В два часа дня немцы атаковали вокзал Командир полка подполковник Елин писал в это время итоговое донесение командиру дивизии о боевых действиях за последние дни и рассеянно слушал негромкий спор между адъютантом штаба и начальником санчасти полка, какой арбуз слаще — камышинский или астраханский.
Един узнал об атаке сразу, на слух, ещё до донесения командира батальона, по грохоту внезапного обвала авиабомб и шквальной артиллерийской и миномётной стрельбе.
Он выбежал из блиндажа и увидел, как бледное облако известковой пыли и масляный, жирный дым, поднимаясь над вокзалом, смешивались в тёмную, медленно колышущуюся, цепляющуюся за развалины хмару.
Вскоре стрельба послышалась на левом фланге и в центре обороны дивизии.
«Началось», — подумал Елин, и так же подумали тысячи людей, ждавших неминуемого.
Чувство ожидания удара было особенно томительно и остро у переправившихся в Сталинград. Казалось, переправа полков с левого берега в Сталинград подобна действию человека, ставшего грудью навстречу катящемуся с откоса гружёному составу. Удар должен был быть неминуемым и жестоким.
Елин многое видел и испытал на своём веку и считал, что волосы его поседели не только от боевых трудов, но и от требовательности некоторых начальников и от нерадивости некоторых подчинённых.

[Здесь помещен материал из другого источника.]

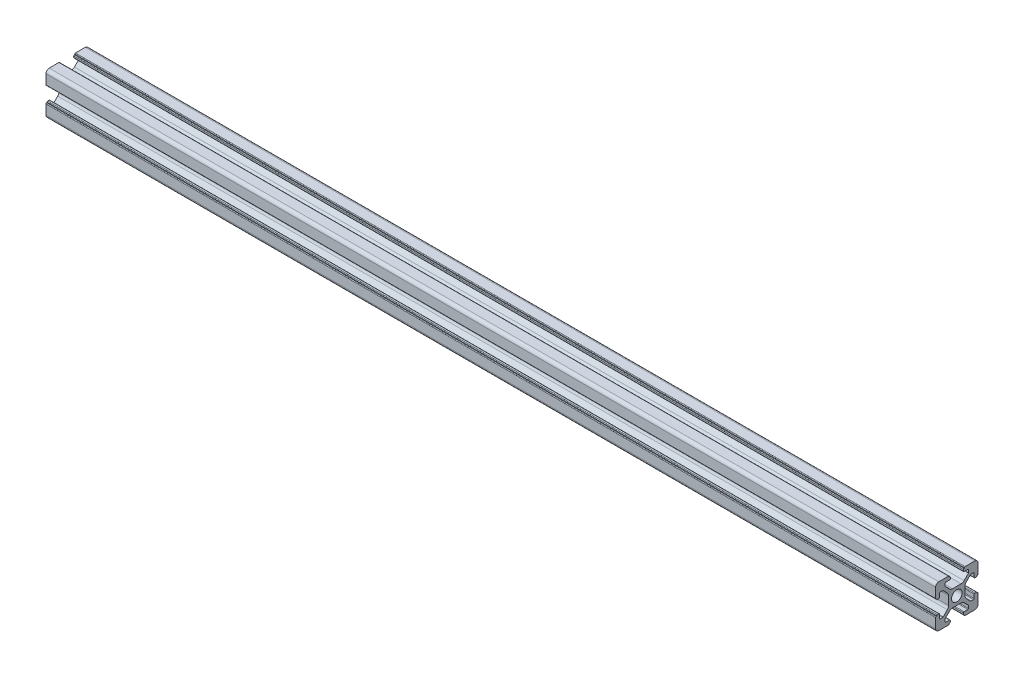
SolidWorks part; units mm, degrees
material "6061 Alloy"
ref_plane "Front Plane" through (0, 0, 0) normal (0, 0, 1) x (1, 0, 0)
ref_plane "Top Plane" through (0, 0, 0) normal (0, 1, 0) x (1, 0, 0)
ref_plane "Right Plane" through (0, 0, 0) normal (1, 0, 0) x (0, 0, -1)
sketch "Sketch1" plane through (0, 0, 0) normal (0, 0, 1) x (1, 0, 0)
  line L0 (-210, 0) -> (210, 0)
  dimension "D1" = 420
other "铝型材 2020(1)"
ref_plane "Plane1" through (-210, 0, 0) normal (1, 0, 0) x (0, 1, 0)
sketch "草图11" plane through (-210, 0, 0) normal (1, 0, 0) x (0, 1, 0)
  line L0 (3.9, 0) -> (3.9, -2.0109)
  line L1 (4.4858, -3.4251) -> (6.5607, -5.5)
  line L2 (6.5607, -5.5) -> (7.9, -5.5)
  line L3 (8.2, -5.2) -> (8.2, -3.4)
  line L4 (8.5, -3.1) -> (9.2, -3.1)
  line L5 (9.5, -3.4) -> (9.5, -3.6)
  line L6 (9.5, -3.6) -> (9.7, -3.6)
  line L7 (10, -3.9) -> (10, -8.5)
  line L8 (8.5, -10) -> (3.9, -10)
  line L9 (3.1, -9.2) -> (3.1, -8.5)
  line L10 (3.4, -8.2) -> (5.2, -8.2)
  line L11 (5.5, -7.9) -> (5.5, -6.6849)
  line L12 (5.4121, -6.4728) -> (3.4251, -4.4858)
  line L13 (2.0109, -3.9) -> (0, -3.9)
  line L14 (0, -3.9) -> (-2.0109, -3.9)
  line L15 (-3.4251, -4.4858) -> (-5.4121, -6.4728)
  line L16 (-5.5, -6.6849) -> (-5.5, -7.9)
  line L17 (-5.2, -8.2) -> (-3.4, -8.2)
  line L18 (-3.1, -8.5) -> (-3.1, -9.2)
  line L19 (-3.9, -10) -> (-8.5, -10)
  line L20 (-10, -8.5) -> (-10, -3.9)
  line L21 (-9.7, -3.6) -> (-9.5, -3.6)
  line L22 (-9.5, -3.6) -> (-9.5, -3.4)
  line L23 (-9.2, -3.1) -> (-8.5, -3.1)
  line L24 (-8.2, -3.4) -> (-8.2, -5.2)
  line L25 (-7.9, -5.5) -> (-6.6849, -5.5)
  line L26 (-6.4728, -5.4121) -> (-4.4858, -3.4251)
  line L27 (-3.9, -2.0109) -> (-3.9, 0)
  line L28 (-3.9, 0) -> (-3.9, 2.0109)
  line L29 (-4.4858, 3.4251) -> (-6.4728, 5.4121)
  line L30 (-6.6849, 5.5) -> (-7.9, 5.5)
  line L31 (-8.2, 5.2) -> (-8.2, 3.4)
  line L32 (-8.5, 3.1) -> (-9.2, 3.1)
  line L33 (-9.5, 3.4) -> (-9.5, 3.6)
  line L34 (-9.5, 3.6) -> (-9.7, 3.6)
  line L35 (-10, 3.9) -> (-10, 8.5)
  line L36 (-8.5, 10) -> (-3.9, 10)
  line L37 (-3.6, 9.7) -> (-3.6, 9.5)
  line L38 (-3.6, 9.5) -> (-3.4, 9.5)
  line L39 (-3.1, 9.2) -> (-3.1, 8.5)
  line L40 (-3.4, 8.2) -> (-5.2, 8.2)
  line L41 (-5.5, 7.9) -> (-5.5, 6.6849)
  line L42 (-5.4121, 6.4728) -> (-3.4251, 4.4858)
  line L43 (-2.0109, 3.9) -> (0, 3.9)
  line L44 (0, 3.9) -> (2.0109, 3.9)
  line L45 (3.4251, 4.4858) -> (5.4121, 6.4728)
  line L46 (5.5, 6.6849) -> (5.5, 7.9)
  line L47 (5.2, 8.2) -> (3.4, 8.2)
  line L48 (3.1, 8.5) -> (3.1, 9.2)
  line L49 (3.4, 9.5) -> (3.6, 9.5)
  line L50 (3.6, 9.5) -> (3.6, 9.7)
  line L51 (3.9, 10) -> (8.5, 10)
  line L52 (10, 8.5) -> (10, 3.9)
  line L53 (9.7, 3.6) -> (9.5, 3.6)
  line L54 (9.5, 3.6) -> (9.5, 3.4)
  line L55 (9.2, 3.1) -> (8.5, 3.1)
  line L56 (8.2, 3.4) -> (8.2, 5.2)
  line L57 (7.9, 5.5) -> (6.6849, 5.5)
  line L58 (6.4728, 5.4121) -> (4.4858, 3.4251)
  line L59 (3.9, 2.0109) -> (3.9, 0)
  circle A0 centre (0, 0) radius 2.5
  arc A1 (3.9, -2.0109) -> (4.4858, -3.4251) centre (5.9, -2.0109) ccw
  arc A2 (7.9, -5.5) -> (8.2, -5.2) centre (7.9, -5.2) ccw
  arc A3 (8.5, -3.1) -> (8.2, -3.4) centre (8.5, -3.4) ccw
  arc A4 (9.5, -3.4) -> (9.2, -3.1) centre (9.2, -3.4) ccw
  arc A5 (10, -3.9) -> (9.7, -3.6) centre (9.7, -3.9) ccw
  arc A6 (8.5, -10) -> (10, -8.5) centre (8.5, -8.5) ccw
  arc A7 (3.6, -9.7) -> (3.9, -10) centre (3.9, -9.7) ccw
  arc A8 (3.6, -9.7) -> (3.4, -9.5) centre (3.4, -9.7) ccw
  arc A9 (3.1, -9.2) -> (3.4, -9.5) centre (3.4, -9.2) ccw
  arc A10 (3.4, -8.2) -> (3.1, -8.5) centre (3.4, -8.5) ccw
  arc A11 (5.2, -8.2) -> (5.5, -7.9) centre (5.2, -7.9) ccw
  arc A12 (5.5, -6.6849) -> (5.4121, -6.4728) centre (5.2, -6.6849) ccw
  arc A13 (3.4251, -4.4858) -> (2.0109, -3.9) centre (2.0109, -5.9) ccw
  arc A14 (-2.0109, -3.9) -> (-3.4251, -4.4858) centre (-2.0109, -5.9) ccw
  arc A15 (-5.4121, -6.4728) -> (-5.5, -6.6849) centre (-5.2, -6.6849) ccw
  arc A16 (-5.5, -7.9) -> (-5.2, -8.2) centre (-5.2, -7.9) ccw
  arc A17 (-3.1, -8.5) -> (-3.4, -8.2) centre (-3.4, -8.5) ccw
  arc A18 (-3.4, -9.5) -> (-3.1, -9.2) centre (-3.4, -9.2) ccw
  arc A19 (-3.4, -9.5) -> (-3.6, -9.7) centre (-3.4, -9.7) ccw
  arc A20 (-3.9, -10) -> (-3.6, -9.7) centre (-3.9, -9.7) ccw
  arc A21 (-10, -8.5) -> (-8.5, -10) centre (-8.5, -8.5) ccw
  arc A22 (-9.7, -3.6) -> (-10, -3.9) centre (-9.7, -3.9) ccw
  arc A23 (-9.2, -3.1) -> (-9.5, -3.4) centre (-9.2, -3.4) ccw
  arc A24 (-8.2, -3.4) -> (-8.5, -3.1) centre (-8.5, -3.4) ccw
  arc A25 (-8.2, -5.2) -> (-7.9, -5.5) centre (-7.9, -5.2) ccw
  arc A26 (-6.6849, -5.5) -> (-6.4728, -5.4121) centre (-6.6849, -5.2) ccw
  arc A27 (-4.4858, -3.4251) -> (-3.9, -2.0109) centre (-5.9, -2.0109) ccw
  arc A28 (-3.9, 2.0109) -> (-4.4858, 3.4251) centre (-5.9, 2.0109) ccw
  arc A29 (-6.4728, 5.4121) -> (-6.6849, 5.5) centre (-6.6849, 5.2) ccw
  arc A30 (-7.9, 5.5) -> (-8.2, 5.2) centre (-7.9, 5.2) ccw
  arc A31 (-8.5, 3.1) -> (-8.2, 3.4) centre (-8.5, 3.4) ccw
  arc A32 (-9.5, 3.4) -> (-9.2, 3.1) centre (-9.2, 3.4) ccw
  arc A33 (-10, 3.9) -> (-9.7, 3.6) centre (-9.7, 3.9) ccw
  arc A34 (-8.5, 10) -> (-10, 8.5) centre (-8.5, 8.5) ccw
  arc A35 (-3.6, 9.7) -> (-3.9, 10) centre (-3.9, 9.7) ccw
  arc A36 (-3.1, 9.2) -> (-3.4, 9.5) centre (-3.4, 9.2) ccw
  arc A37 (-3.4, 8.2) -> (-3.1, 8.5) centre (-3.4, 8.5) ccw
  arc A38 (-5.2, 8.2) -> (-5.5, 7.9) centre (-5.2, 7.9) ccw
  arc A39 (-5.5, 6.6849) -> (-5.4121, 6.4728) centre (-5.2, 6.6849) ccw
  arc A40 (-3.4251, 4.4858) -> (-2.0109, 3.9) centre (-2.0109, 5.9) ccw
  arc A41 (2.0109, 3.9) -> (3.4251, 4.4858) centre (2.0109, 5.9) ccw
  arc A42 (5.4121, 6.4728) -> (5.5, 6.6849) centre (5.2, 6.6849) ccw
  arc A43 (5.5, 7.9) -> (5.2, 8.2) centre (5.2, 7.9) ccw
  arc A44 (3.1, 8.5) -> (3.4, 8.2) centre (3.4, 8.5) ccw
  arc A45 (3.4, 9.5) -> (3.1, 9.2) centre (3.4, 9.2) ccw
  arc A46 (3.9, 10) -> (3.6, 9.7) centre (3.9, 9.7) ccw
  arc A47 (10, 8.5) -> (8.5, 10) centre (8.5, 8.5) ccw
  arc A48 (9.7, 3.6) -> (10, 3.9) centre (9.7, 3.9) ccw
  arc A49 (9.2, 3.1) -> (9.5, 3.4) centre (9.2, 3.4) ccw
  arc A50 (8.2, 3.4) -> (8.5, 3.1) centre (8.5, 3.4) ccw
  arc A51 (8.2, 5.2) -> (7.9, 5.5) centre (7.9, 5.2) ccw
  arc A52 (6.6849, 5.5) -> (6.4728, 5.4121) centre (6.6849, 5.2) ccw
  arc A53 (4.4858, 3.4251) -> (3.9, 2.0109) centre (5.9, 2.0109) ccw
  point P0 (-10, 10)
  point P1 (10, 10)
  point P2 (10, -10)
  point P171 (-10, -10)
  point P172 (-10, 0)
  point P173 (10, 0)
  point P174 (0, -10)
  point P175 (0, 10)
  point P176 (0, 0)
  point P177 (0, 0)

«И далось им именно по Филяшкину со всей силой ударить, — подумал он, — по самому слабому моему звену, по недавно приданному батальону, где и людей я порядком не знаю».
В это время связной позвал его в блиндаж — звонил по телефону Филяшкин, доложил, что началось» немец обрабатывает его с земли и воздуха, он слышит гудение танковых моторов, он несёт потери и готовится отразить атаку.
— Да, я сам слышу, что началось, — крикнул в трубку Елин, — береги пулемёты, не думай отступать, я тебя поддержу. Слышишь? Огнём поддержу! Слышишь? Слышишь?
Но Филяшкин не слышал обещания командира поддержать его огнём — связь порвалась.
Елин позвонил командиру дивизии, доложил, что противник начал наступление, главный удар наносит по Филяшкину.